• _EXERCISE_: Beginning with the first line, transcribe the entries below exactly through the line containing "symmetrizeMotors.DataType = 'auto'", inclusive.

• _MATERIAL FOR THIS TASK_:
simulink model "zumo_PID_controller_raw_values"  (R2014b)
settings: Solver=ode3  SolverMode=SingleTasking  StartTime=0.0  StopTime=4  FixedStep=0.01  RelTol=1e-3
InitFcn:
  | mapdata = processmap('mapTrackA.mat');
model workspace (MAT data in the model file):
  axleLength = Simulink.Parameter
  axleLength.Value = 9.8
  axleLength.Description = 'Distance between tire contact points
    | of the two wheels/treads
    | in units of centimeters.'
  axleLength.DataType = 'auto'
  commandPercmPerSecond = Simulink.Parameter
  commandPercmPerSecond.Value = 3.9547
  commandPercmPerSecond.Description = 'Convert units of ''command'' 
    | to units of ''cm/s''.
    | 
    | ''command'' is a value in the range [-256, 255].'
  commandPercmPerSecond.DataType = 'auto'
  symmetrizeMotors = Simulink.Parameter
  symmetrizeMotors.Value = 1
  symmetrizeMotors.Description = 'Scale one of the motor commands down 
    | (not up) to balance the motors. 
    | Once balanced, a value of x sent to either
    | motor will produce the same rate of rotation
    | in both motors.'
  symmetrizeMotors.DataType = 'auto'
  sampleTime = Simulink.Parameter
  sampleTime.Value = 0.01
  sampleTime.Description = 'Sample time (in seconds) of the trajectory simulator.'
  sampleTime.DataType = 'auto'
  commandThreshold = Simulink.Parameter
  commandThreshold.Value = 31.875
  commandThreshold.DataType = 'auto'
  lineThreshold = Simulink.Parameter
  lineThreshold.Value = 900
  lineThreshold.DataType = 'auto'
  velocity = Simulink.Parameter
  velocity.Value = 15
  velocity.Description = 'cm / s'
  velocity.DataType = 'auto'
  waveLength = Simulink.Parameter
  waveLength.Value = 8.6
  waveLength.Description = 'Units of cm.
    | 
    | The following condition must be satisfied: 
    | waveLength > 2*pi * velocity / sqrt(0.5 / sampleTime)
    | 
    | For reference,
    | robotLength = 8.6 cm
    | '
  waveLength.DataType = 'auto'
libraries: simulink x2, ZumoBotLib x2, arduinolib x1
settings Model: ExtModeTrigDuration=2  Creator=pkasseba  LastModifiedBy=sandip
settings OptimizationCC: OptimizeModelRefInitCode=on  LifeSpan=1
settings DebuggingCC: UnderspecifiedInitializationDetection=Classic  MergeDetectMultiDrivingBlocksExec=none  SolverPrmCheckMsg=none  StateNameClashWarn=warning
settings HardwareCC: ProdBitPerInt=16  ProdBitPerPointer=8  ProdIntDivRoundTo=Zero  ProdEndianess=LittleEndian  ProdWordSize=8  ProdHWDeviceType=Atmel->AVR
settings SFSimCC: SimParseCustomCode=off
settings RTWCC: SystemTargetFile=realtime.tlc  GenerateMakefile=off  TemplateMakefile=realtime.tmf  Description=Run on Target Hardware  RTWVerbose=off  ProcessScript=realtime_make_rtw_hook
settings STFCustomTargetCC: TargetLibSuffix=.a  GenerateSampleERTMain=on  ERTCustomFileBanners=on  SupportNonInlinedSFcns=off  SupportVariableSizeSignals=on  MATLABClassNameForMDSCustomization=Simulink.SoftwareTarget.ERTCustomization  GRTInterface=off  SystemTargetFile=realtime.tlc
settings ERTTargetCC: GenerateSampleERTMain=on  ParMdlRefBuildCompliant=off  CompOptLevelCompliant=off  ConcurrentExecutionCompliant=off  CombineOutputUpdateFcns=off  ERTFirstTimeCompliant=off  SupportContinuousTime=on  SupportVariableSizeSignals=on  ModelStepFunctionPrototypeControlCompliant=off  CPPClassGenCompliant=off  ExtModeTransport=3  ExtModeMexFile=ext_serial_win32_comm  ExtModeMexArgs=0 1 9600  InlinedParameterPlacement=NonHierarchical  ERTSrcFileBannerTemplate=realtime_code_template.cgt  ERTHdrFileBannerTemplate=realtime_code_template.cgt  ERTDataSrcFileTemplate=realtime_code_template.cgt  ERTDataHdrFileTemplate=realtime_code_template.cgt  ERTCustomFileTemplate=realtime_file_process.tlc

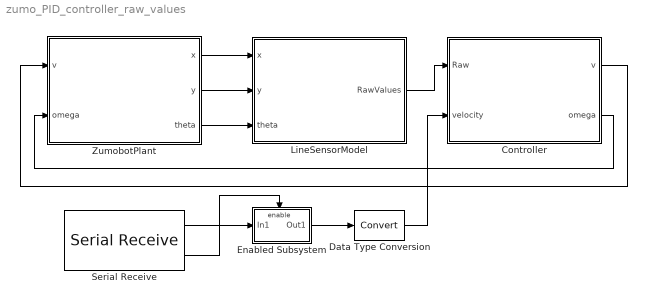
== system zumo_PID_controller_raw_values ==
  Controller : Subsystem
  Data Type Conversion : DataTypeConversion
  Enabled Subsystem : Subsystem  TreatAsAtomicUnit=on
  LineSensorModel : Subsystem  Variant=on
  Serial Receive : arduinolib/Serial Receive  portNumber=0  showOutStatus=on  sampleTime=0.02  blockPlatform=arduino
  ZumobotPlant : Subsystem  Variant=on
  wires:
  Controller/1(v) -> ZumobotPlant/1(v)
  ZumobotPlant/1(x) -> LineSensorModel/1(x)
  ZumobotPlant/2(y) -> LineSensorModel/2(y)
  LineSensorModel/1(RawValues) -> Controller/1(Raw)
  Controller/2(omega) -> ZumobotPlant/2(omega)
  ZumobotPlant/3(theta) -> LineSensorModel/3(theta)
  Serial Receive/1 -> Enabled Subsystem/1(In1)
  Serial Receive/2 -> Enabled Subsystem/Enable
  Enabled Subsystem/1(Out1) -> Data Type Conversion/1
  Data Type Conversion/1 -> Controller/2(velocity)

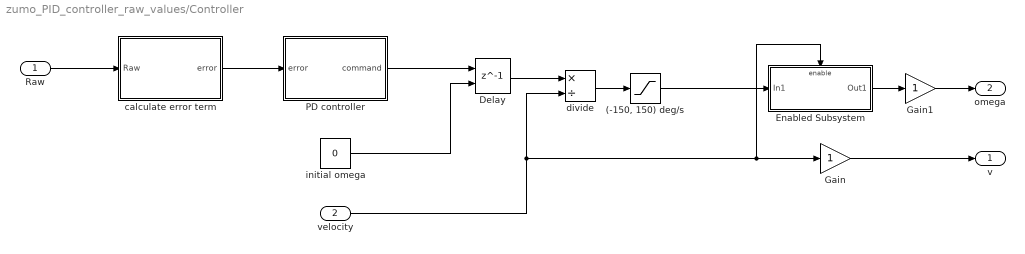
== system zumo_PID_controller_raw_values/Controller ==
  Raw : Inport
  velocity : Inport  Port=2
  "(-150, 150) deg/s" : Saturate  UpperLimit=150*pi/180  LowerLimit=-150*pi/180
  Delay : Delay  DelayLength=1  InitialConditionSource=Input port  InitialCondition=0
      settings: InputPortMap=u0,p4
  Enabled Subsystem : Subsystem  TreatAsAtomicUnit=on
  Gain : Gain
  Gain1 : Gain
  PD controller : Subsystem
  calculate error term : Subsystem
  divide : Product  Inputs=*/
  initial omega : Constant  Value=0
  v : Outport
  omega : Outport  Port=2
  wires:
  velocity/1 -> Gain/1, Enabled Subsystem/Enable, divide/2
  Delay/1 -> divide/1
  initial omega/1 -> Delay/2
  Raw/1 -> calculate error term/1(Raw)
  divide/1 -> "(-150, 150) deg/s"/1
  calculate error term/1(error) -> PD controller/1(error)
  PD controller/1(command) -> Delay/1
  "(-150, 150) deg/s"/1 -> Enabled Subsystem/1(In1)
  Enabled Subsystem/1(Out1) -> Gain1/1
  Gain/1 -> v/1
  Gain1/1 -> omega/1

== system zumo_PID_controller_raw_values/Enabled Subsystem ==
  In1 : Inport
  Enable : EnablePort
  Out1 : Outport  InitialOutput=0
  wires:
  In1/1 -> Out1/1

== system zumo_PID_controller_raw_values/LineSensorModel ==
  note: 1) Only subsystems can be added as variant choices at this level
      | 2) Blocks cannot be connected at this level as connectivity is
      | automatically determined at simulation, based on the active variant
  x : Inport
  y : Inport  Port=2
  theta : Inport  Port=3
  Simulation : Subsystem  VariantControl=sim==1
  Target : Subsystem  VariantControl=sim==0
  RawValues : Outport

== system zumo_PID_controller_raw_values/ZumobotPlant ==
  note: 1) Only subsystems can be added as variant choices at this level
      | 2) Blocks cannot be connected at this level as connectivity is
      | automatically determined at simulation, based on the active variant
  v : Inport
  omega : Inport  Port=2
  Simulation : Subsystem  VariantControl=sim==1
  Target : Subsystem  VariantControl=sim==0
  x : Outport
  y : Outport  Port=2
  theta : Outport  Port=3

== system zumo_PID_controller_raw_values/Controller/Enabled Subsystem ==
  In1 : Inport
  Enable : EnablePort
  Out1 : Outport  OutputWhenDisabled=reset  InitialOutput=0
  wires:
  In1/1 -> Out1/1

== system zumo_PID_controller_raw_values/Controller/PD controller ==
  error : Inport
  2*alpha : Gain  Gain=2*(2*pi*velocity/waveLength)
  Discrete Derivative : simulink/Discrete/Discrete Derivative  gainval=1.0  ICPrevScaledInput=0.0  InputProcessing=Inherited  OutMin=[]  OutMax=[]  OutDataType=fixdt(1, 16)  OutScaling=2^-10  DoSatur=off
  Sum : Sum  Inputs=|++
  alpha^2 : Gain  Gain=(2*pi*velocity/waveLength)^2
  zeta : Gain  Gain=0.4
  command : Outport
  wires:
  zeta/1 -> 2*alpha/1
  2*alpha/1 -> Discrete Derivative/1
  alpha^2/1 -> Sum/1
  Sum/1 -> command/1
  Discrete Derivative/1 -> Sum/2
  error/1 -> alpha^2/1, zeta/1

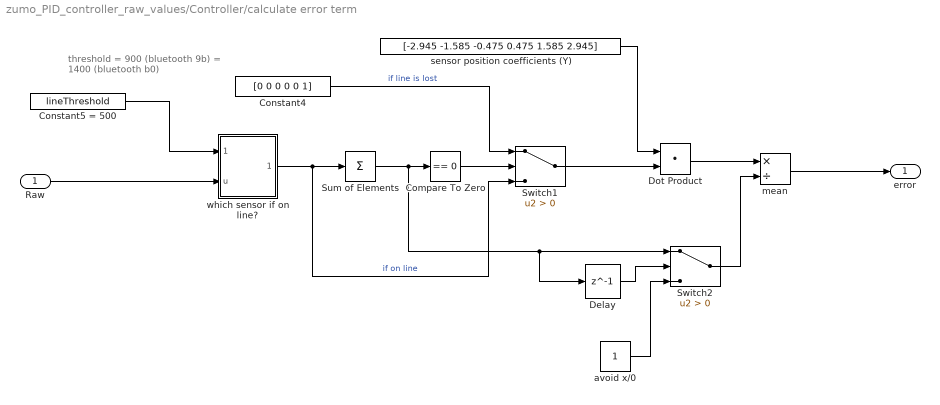
== system zumo_PID_controller_raw_values/Controller/calculate error term ==
  note: threshold = 900 (bluetooth 9b)
      | = 1400 (bluetooth b0)
  Raw : Inport
  Compare To Zero : simulink/Logic and Bit Operations/Compare To Zero  relop===  OutDataTypeStr=boolean
  Constant4 : Constant  Value=[0 0 0 0 0 1]
  Constant5 = 500 : Constant  Value=lineThreshold
  Delay : Delay  DelayLength=1  InitialCondition=0
  Dot Product : DotProduct  InputSameDT=on  OutDataTypeStr=Inherit: Inherit via internal rule
  Sum of Elements : Sum  Inputs=+
  Switch1 : Switch  Criteria=u2 > Threshold
  Switch2 : Switch  Criteria=u2 > Threshold
  avoid x/0 : Constant
  mean : Product  Inputs=*/
  sensor position coefficients (Y) : Constant  Value=[-2.945 -1.585 -0.475 0.475 1.585 2.945]
  which sensor if on line? : Subsystem
  error : Outport
  wires:
  Constant4/1 -> Switch1/1  "if line is lost"
  Constant5 = 500/1 -> which sensor if on line?/1(threshold)
  Dot Product/1 -> mean/1
  sensor position coefficients (Y)/1 -> Dot Product/1
  Raw/1 -> which sensor if on line?/2(u)
  which sensor if on line?/1(Out1) -> Switch1/3, Sum of Elements/1  "if on line"
  Switch2/1 -> mean/2
  avoid x/0/1 -> Switch2/3
  Switch1/1 -> Dot Product/2
  mean/1 -> error/1
  Compare To Zero/1 -> Switch1/2
  Sum of Elements/1 -> Delay/1, Switch2/1, Compare To Zero/1
  Delay/1 -> Switch2/2

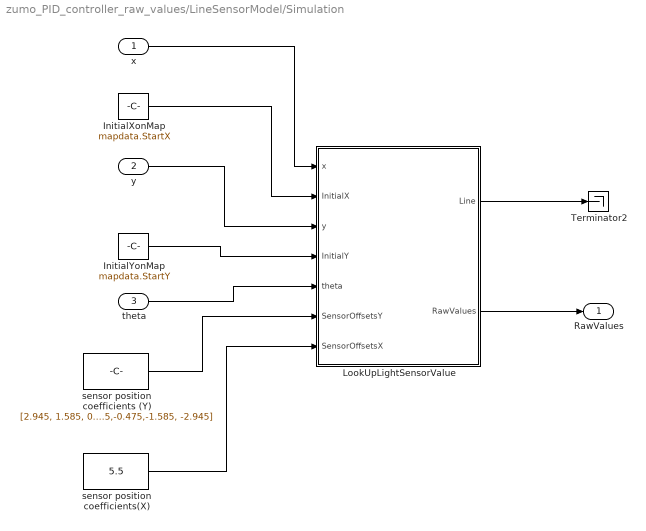
== system zumo_PID_controller_raw_values/LineSensorModel/Simulation ==
  x : Inport
  y : Inport  Port=2
  theta : Inport  Port=3
  InitialXonMap : Constant  Value=mapdata.StartX
  InitialYonMap : Constant  Value=mapdata.StartY
  LookUpLightSensorValue : Subsystem
  Terminator2 : Terminator
  sensor position coefficients (Y) : Constant  Value=[2.945, 1.585, 0.475,-0.475,-1.585, -2.945]
  sensor position coefficients(X) : Constant  Value=5.5
  RawValues : Outport
  wires:
  LookUpLightSensorValue/1(Line) -> Terminator2/1
  LookUpLightSensorValue/2(RawValues) -> RawValues/1
  InitialYonMap/1 -> LookUpLightSensorValue/4(InitialY)
  theta/1 -> LookUpLightSensorValue/5(theta)
  sensor position coefficients (Y)/1 -> LookUpLightSensorValue/6(SensorOffsetsY)
  y/1 -> LookUpLightSensorValue/3(y)
  InitialXonMap/1 -> LookUpLightSensorValue/2(InitialX)
  x/1 -> LookUpLightSensorValue/1(x)
  sensor position coefficients(X)/1 -> LookUpLightSensorValue/7(SensorOffsetsX)

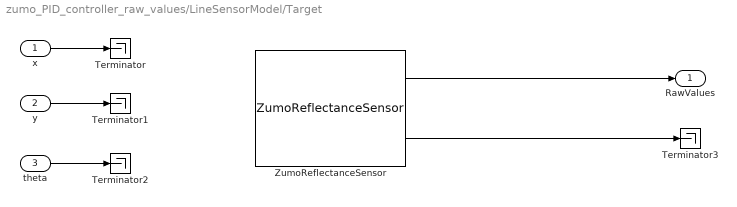
== system zumo_PID_controller_raw_values/LineSensorModel/Target ==
  x : Inport
  y : Inport  Port=2
  theta : Inport  Port=3
  Terminator{,1..3} (4 alike) : Terminator
  ZumoReflectanceSensor : ZumoBotLib/ZumoReflectanceSensor  sampleTime_dd=0.02  emitterPin_dd=255  debug_dd=off
  RawValues : Outport
  wires:
  ZumoReflectanceSensor/1 -> RawValues/1
  ZumoReflectanceSensor/2 -> Terminator3/1
  x/1 -> Terminator/1
  y/1 -> Terminator1/1
  theta/1 -> Terminator2/1

== system zumo_PID_controller_raw_values/ZumobotPlant/Simulation ==
  v : Inport
  omega : Inport  Port=2
  motor command conversion : Subsystem
  simulated trajectory : Subsystem
  x : Outport
  y : Outport  Port=2
  theta : Outport  Port=3
  wires:
  v/1 -> motor command conversion/1(v)
  simulated trajectory/1(x) -> x/1
  simulated trajectory/2(y) -> y/1
  motor command conversion/1(v_L v_R) -> simulated trajectory/1(v_L v_R)
  omega/1 -> motor command conversion/2(omega)
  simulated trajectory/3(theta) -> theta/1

• _TASK RESULT_:
simulink model "zumo_PID_controller_raw_values"  (R2014b)
settings: Solver=ode3  SolverMode=SingleTasking  StartTime=0.0  StopTime=4  FixedStep=0.01  RelTol=1e-3
InitFcn:
  | mapdata = processmap('mapTrackA.mat');
model workspace (MAT data in the model file):
  axleLength = Simulink.Parameter
  axleLength.Value = 9.8
  axleLength.Description = 'Distance between tire contact points
    | of the two wheels/treads
    | in units of centimeters.'
  axleLength.DataType = 'auto'
  commandPercmPerSecond = Simulink.Parameter
  commandPercmPerSecond.Value = 3.9547
  commandPercmPerSecond.Description = 'Convert units of ''command'' 
    | to units of ''cm/s''.
    | 
    | ''command'' is a value in the range [-256, 255].'
  commandPercmPerSecond.DataType = 'auto'
  symmetrizeMotors = Simulink.Parameter
  symmetrizeMotors.Value = 1
  symmetrizeMotors.Description = 'Scale one of the motor commands down 
    | (not up) to balance the motors. 
    | Once balanced, a value of x sent to either
    | motor will produce the same rate of rotation
    | in both motors.'
  symmetrizeMotors.DataType = 'auto'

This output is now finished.